* Work to complete *
Take every line from the listing below that includes "through" and copy it.

* Task data *
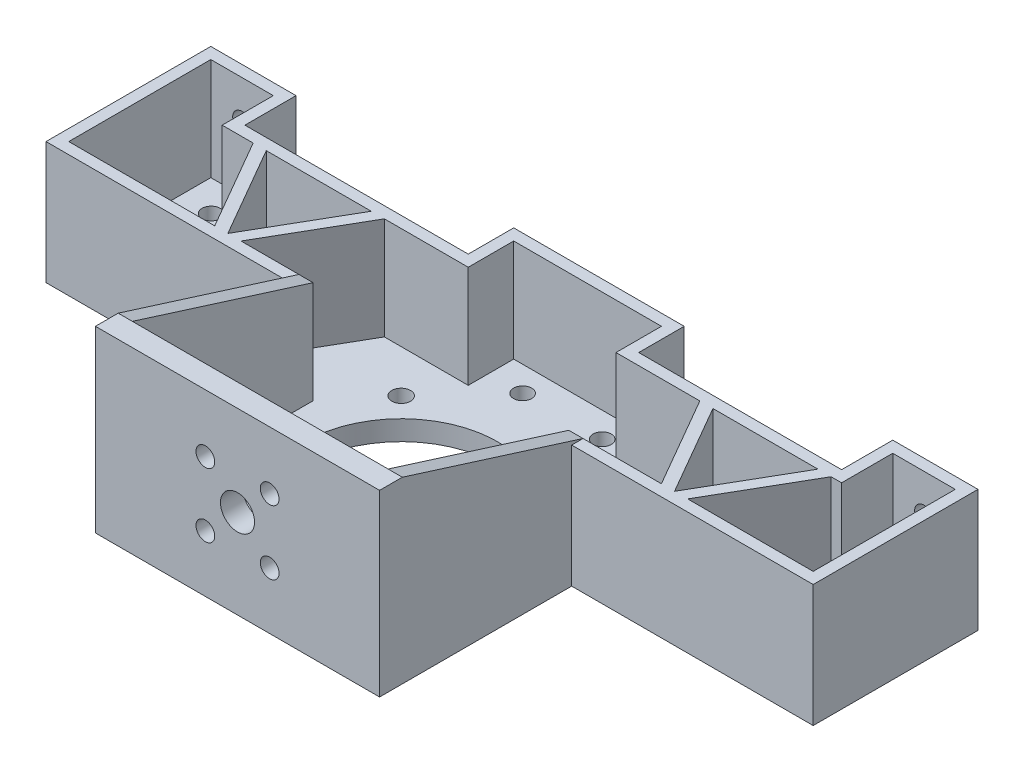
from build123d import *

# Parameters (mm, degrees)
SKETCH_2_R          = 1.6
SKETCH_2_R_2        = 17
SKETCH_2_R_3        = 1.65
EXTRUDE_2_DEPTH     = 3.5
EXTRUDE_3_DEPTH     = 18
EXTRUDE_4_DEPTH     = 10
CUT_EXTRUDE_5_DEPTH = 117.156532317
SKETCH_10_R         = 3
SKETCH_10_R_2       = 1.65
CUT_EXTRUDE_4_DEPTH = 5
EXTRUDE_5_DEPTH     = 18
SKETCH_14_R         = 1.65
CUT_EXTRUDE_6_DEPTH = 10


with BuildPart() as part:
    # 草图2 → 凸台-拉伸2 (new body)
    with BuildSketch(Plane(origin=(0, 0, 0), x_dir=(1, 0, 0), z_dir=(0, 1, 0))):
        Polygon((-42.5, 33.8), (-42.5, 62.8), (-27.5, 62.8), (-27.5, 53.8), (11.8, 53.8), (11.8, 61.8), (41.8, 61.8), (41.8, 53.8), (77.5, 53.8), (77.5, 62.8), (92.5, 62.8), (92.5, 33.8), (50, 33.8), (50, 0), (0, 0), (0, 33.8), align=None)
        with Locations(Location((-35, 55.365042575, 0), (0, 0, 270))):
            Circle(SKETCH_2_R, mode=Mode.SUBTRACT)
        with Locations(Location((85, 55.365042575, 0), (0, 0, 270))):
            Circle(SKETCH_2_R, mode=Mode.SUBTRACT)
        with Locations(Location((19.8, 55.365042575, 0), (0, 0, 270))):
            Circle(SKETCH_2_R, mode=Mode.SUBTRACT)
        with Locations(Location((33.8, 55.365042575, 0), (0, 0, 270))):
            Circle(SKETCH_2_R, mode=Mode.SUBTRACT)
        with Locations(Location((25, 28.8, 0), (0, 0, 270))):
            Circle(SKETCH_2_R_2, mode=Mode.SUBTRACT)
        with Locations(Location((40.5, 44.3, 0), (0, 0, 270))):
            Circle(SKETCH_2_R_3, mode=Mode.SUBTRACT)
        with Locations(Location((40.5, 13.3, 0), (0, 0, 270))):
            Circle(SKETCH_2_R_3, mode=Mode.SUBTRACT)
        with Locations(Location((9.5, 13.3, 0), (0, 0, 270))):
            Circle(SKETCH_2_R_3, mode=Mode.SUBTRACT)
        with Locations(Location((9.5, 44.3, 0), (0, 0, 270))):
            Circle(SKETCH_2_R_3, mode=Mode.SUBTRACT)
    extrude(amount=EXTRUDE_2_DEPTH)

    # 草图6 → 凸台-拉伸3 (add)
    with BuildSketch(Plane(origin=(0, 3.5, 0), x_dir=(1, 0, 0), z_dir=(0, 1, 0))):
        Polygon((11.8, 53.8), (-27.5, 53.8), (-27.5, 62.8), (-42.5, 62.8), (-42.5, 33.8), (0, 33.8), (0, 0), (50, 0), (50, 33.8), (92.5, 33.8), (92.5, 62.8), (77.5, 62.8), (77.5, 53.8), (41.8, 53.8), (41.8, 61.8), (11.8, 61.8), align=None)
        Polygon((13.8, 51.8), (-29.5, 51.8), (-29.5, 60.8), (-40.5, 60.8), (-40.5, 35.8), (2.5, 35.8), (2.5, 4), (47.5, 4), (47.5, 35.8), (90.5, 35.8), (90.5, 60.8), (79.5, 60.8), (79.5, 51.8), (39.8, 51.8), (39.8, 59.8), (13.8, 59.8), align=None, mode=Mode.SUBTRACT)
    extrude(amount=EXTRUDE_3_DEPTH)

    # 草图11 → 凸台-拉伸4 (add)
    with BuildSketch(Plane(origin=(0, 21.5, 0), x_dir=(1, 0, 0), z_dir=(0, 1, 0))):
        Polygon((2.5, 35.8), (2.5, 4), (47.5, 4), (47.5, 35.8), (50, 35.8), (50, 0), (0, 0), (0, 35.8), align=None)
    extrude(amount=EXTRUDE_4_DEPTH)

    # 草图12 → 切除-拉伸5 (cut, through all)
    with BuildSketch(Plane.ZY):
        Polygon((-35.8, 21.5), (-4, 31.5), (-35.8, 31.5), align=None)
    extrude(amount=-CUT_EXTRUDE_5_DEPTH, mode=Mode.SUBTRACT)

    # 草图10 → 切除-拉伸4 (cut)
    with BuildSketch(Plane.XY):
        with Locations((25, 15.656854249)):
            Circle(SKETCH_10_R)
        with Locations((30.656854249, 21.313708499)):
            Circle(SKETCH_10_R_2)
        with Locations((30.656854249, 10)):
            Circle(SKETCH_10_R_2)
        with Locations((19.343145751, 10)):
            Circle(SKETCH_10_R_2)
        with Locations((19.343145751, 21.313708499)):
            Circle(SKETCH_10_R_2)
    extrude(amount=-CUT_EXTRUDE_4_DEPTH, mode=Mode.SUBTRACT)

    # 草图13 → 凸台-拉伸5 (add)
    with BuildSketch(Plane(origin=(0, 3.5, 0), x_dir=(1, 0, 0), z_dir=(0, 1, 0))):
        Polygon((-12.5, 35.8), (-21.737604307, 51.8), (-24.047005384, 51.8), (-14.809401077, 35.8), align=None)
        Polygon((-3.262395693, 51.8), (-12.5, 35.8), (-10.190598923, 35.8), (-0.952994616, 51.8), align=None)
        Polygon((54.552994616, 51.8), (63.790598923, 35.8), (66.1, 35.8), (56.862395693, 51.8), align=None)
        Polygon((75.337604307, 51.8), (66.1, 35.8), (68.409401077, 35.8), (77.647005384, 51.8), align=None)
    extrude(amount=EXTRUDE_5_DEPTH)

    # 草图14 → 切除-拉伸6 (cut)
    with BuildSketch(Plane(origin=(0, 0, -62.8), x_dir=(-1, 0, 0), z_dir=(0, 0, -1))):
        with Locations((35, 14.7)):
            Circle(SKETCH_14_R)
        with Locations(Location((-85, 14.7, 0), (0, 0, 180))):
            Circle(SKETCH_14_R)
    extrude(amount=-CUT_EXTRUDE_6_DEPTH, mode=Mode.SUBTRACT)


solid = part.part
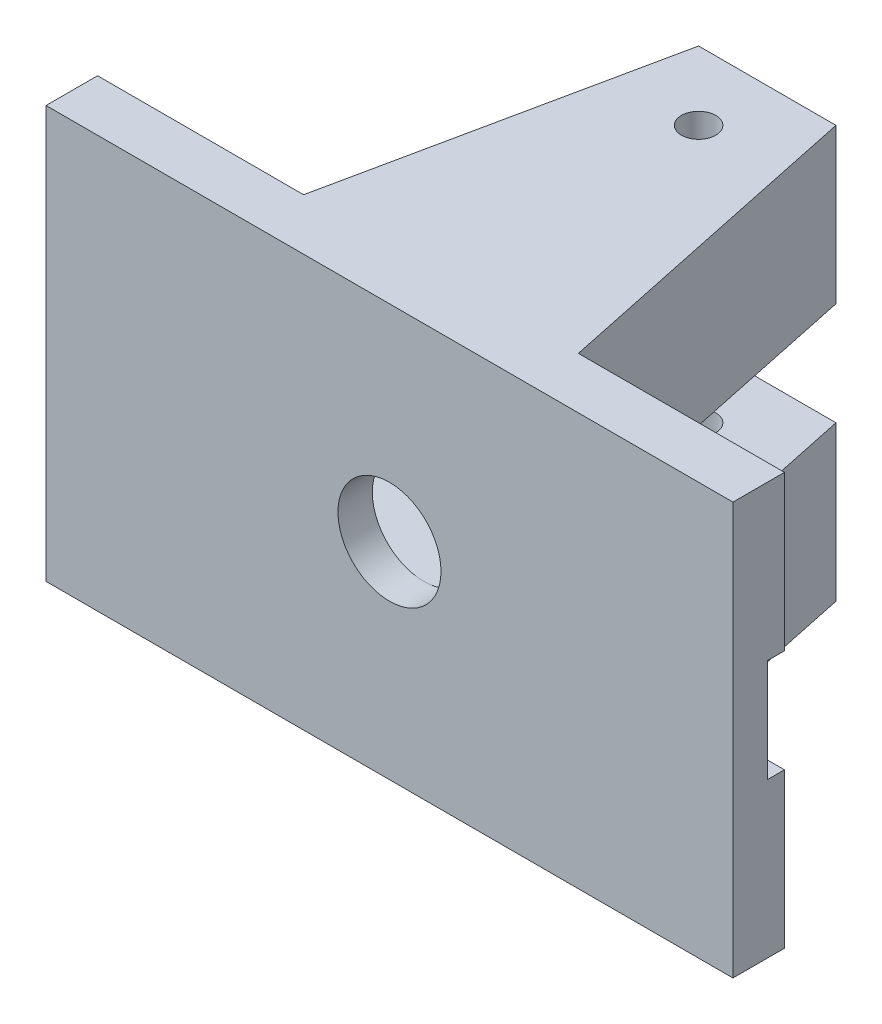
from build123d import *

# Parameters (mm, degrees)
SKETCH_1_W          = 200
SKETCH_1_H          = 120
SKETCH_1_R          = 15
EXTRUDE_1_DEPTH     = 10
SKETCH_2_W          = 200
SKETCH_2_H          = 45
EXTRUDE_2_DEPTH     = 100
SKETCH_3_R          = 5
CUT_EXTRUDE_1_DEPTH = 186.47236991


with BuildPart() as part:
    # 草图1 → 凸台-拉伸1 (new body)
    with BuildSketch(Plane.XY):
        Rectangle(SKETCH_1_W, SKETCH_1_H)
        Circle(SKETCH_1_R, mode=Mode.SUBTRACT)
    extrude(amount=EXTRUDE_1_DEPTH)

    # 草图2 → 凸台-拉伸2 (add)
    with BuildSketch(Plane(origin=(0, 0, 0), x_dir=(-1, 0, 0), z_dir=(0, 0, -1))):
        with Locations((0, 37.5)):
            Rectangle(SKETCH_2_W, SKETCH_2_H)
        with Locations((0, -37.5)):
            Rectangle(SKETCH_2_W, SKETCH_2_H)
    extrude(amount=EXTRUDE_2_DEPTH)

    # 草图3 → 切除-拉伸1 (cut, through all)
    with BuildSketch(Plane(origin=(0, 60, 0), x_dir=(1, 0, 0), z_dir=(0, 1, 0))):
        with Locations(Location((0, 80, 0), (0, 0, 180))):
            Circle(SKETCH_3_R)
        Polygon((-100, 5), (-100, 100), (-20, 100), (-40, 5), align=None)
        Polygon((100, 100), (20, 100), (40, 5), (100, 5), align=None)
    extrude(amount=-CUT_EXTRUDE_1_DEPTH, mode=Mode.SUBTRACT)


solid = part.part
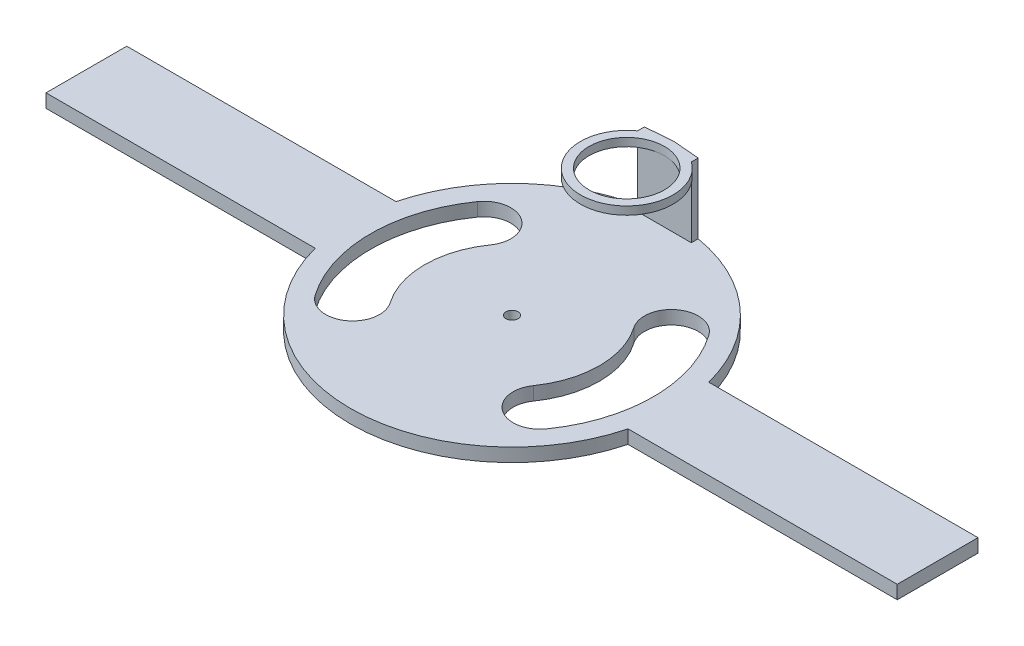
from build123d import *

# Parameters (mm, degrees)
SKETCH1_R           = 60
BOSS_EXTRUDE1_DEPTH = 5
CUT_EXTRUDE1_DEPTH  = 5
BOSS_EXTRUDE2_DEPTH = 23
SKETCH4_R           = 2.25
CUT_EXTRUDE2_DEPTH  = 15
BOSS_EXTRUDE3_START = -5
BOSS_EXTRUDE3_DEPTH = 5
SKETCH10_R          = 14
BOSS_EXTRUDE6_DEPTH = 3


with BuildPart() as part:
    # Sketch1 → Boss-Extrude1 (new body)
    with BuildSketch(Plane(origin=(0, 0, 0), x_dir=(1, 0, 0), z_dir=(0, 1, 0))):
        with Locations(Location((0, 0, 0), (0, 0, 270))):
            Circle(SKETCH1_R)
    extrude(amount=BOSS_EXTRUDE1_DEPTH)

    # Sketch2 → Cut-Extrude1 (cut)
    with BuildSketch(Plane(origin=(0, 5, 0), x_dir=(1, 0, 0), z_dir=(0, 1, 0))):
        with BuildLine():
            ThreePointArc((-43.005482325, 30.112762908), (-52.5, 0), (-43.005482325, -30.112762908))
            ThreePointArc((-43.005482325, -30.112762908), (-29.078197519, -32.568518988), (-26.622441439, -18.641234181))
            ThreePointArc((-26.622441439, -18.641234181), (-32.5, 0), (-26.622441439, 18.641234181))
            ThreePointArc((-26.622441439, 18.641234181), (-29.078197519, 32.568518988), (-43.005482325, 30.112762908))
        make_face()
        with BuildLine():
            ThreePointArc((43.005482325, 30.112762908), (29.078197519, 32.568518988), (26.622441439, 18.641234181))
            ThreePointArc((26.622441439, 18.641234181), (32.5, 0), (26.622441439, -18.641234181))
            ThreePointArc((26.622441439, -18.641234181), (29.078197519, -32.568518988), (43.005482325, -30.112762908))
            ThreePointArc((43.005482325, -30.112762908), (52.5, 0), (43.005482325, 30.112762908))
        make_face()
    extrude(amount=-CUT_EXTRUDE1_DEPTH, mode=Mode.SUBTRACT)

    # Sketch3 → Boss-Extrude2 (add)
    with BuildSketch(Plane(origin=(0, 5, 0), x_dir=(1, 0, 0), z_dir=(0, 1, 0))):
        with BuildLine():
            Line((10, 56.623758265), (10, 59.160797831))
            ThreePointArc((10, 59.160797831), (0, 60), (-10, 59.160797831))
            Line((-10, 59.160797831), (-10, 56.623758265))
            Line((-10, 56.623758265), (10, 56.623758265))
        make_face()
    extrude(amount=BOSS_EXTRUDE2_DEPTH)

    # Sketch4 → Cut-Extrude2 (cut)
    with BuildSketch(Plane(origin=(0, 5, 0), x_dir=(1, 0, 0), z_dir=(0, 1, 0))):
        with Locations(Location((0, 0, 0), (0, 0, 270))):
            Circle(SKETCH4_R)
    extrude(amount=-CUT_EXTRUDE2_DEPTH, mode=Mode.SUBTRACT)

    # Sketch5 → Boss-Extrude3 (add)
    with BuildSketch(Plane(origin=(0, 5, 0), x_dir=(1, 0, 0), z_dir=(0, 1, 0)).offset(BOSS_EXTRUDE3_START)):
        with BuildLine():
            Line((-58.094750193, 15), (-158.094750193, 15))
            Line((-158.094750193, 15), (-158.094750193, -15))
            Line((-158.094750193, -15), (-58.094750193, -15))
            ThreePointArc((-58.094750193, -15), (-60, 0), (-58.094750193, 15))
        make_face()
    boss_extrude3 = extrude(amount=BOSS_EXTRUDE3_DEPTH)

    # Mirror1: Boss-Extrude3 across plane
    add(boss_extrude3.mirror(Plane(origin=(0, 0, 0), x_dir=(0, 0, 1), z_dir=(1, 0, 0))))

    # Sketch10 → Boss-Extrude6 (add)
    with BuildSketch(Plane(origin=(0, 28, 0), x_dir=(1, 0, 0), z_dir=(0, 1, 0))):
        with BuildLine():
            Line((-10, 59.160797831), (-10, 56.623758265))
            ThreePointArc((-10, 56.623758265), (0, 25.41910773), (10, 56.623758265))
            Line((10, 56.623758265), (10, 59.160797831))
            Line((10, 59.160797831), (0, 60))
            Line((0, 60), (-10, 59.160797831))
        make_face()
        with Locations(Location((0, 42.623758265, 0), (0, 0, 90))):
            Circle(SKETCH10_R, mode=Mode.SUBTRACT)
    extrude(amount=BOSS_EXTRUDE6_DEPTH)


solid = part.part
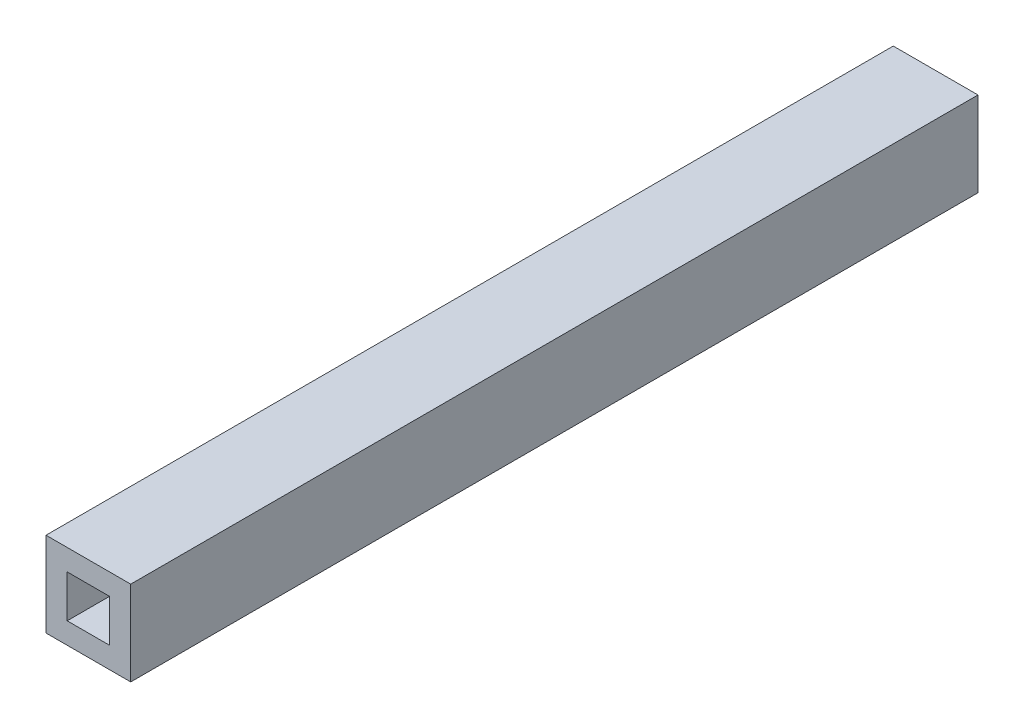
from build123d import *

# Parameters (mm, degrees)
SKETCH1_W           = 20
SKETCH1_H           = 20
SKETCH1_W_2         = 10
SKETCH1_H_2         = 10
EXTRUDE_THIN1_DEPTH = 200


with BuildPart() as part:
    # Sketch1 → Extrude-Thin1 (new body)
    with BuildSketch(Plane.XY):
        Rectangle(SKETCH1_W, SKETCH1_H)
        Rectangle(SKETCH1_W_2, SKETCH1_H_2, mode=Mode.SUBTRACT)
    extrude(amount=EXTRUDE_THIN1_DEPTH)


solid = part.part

* Written solution *
    # 草图12 → 切除-拉伸5 (cut, through all)
    # 草图3 → 切除-拉伸1 (cut, through all)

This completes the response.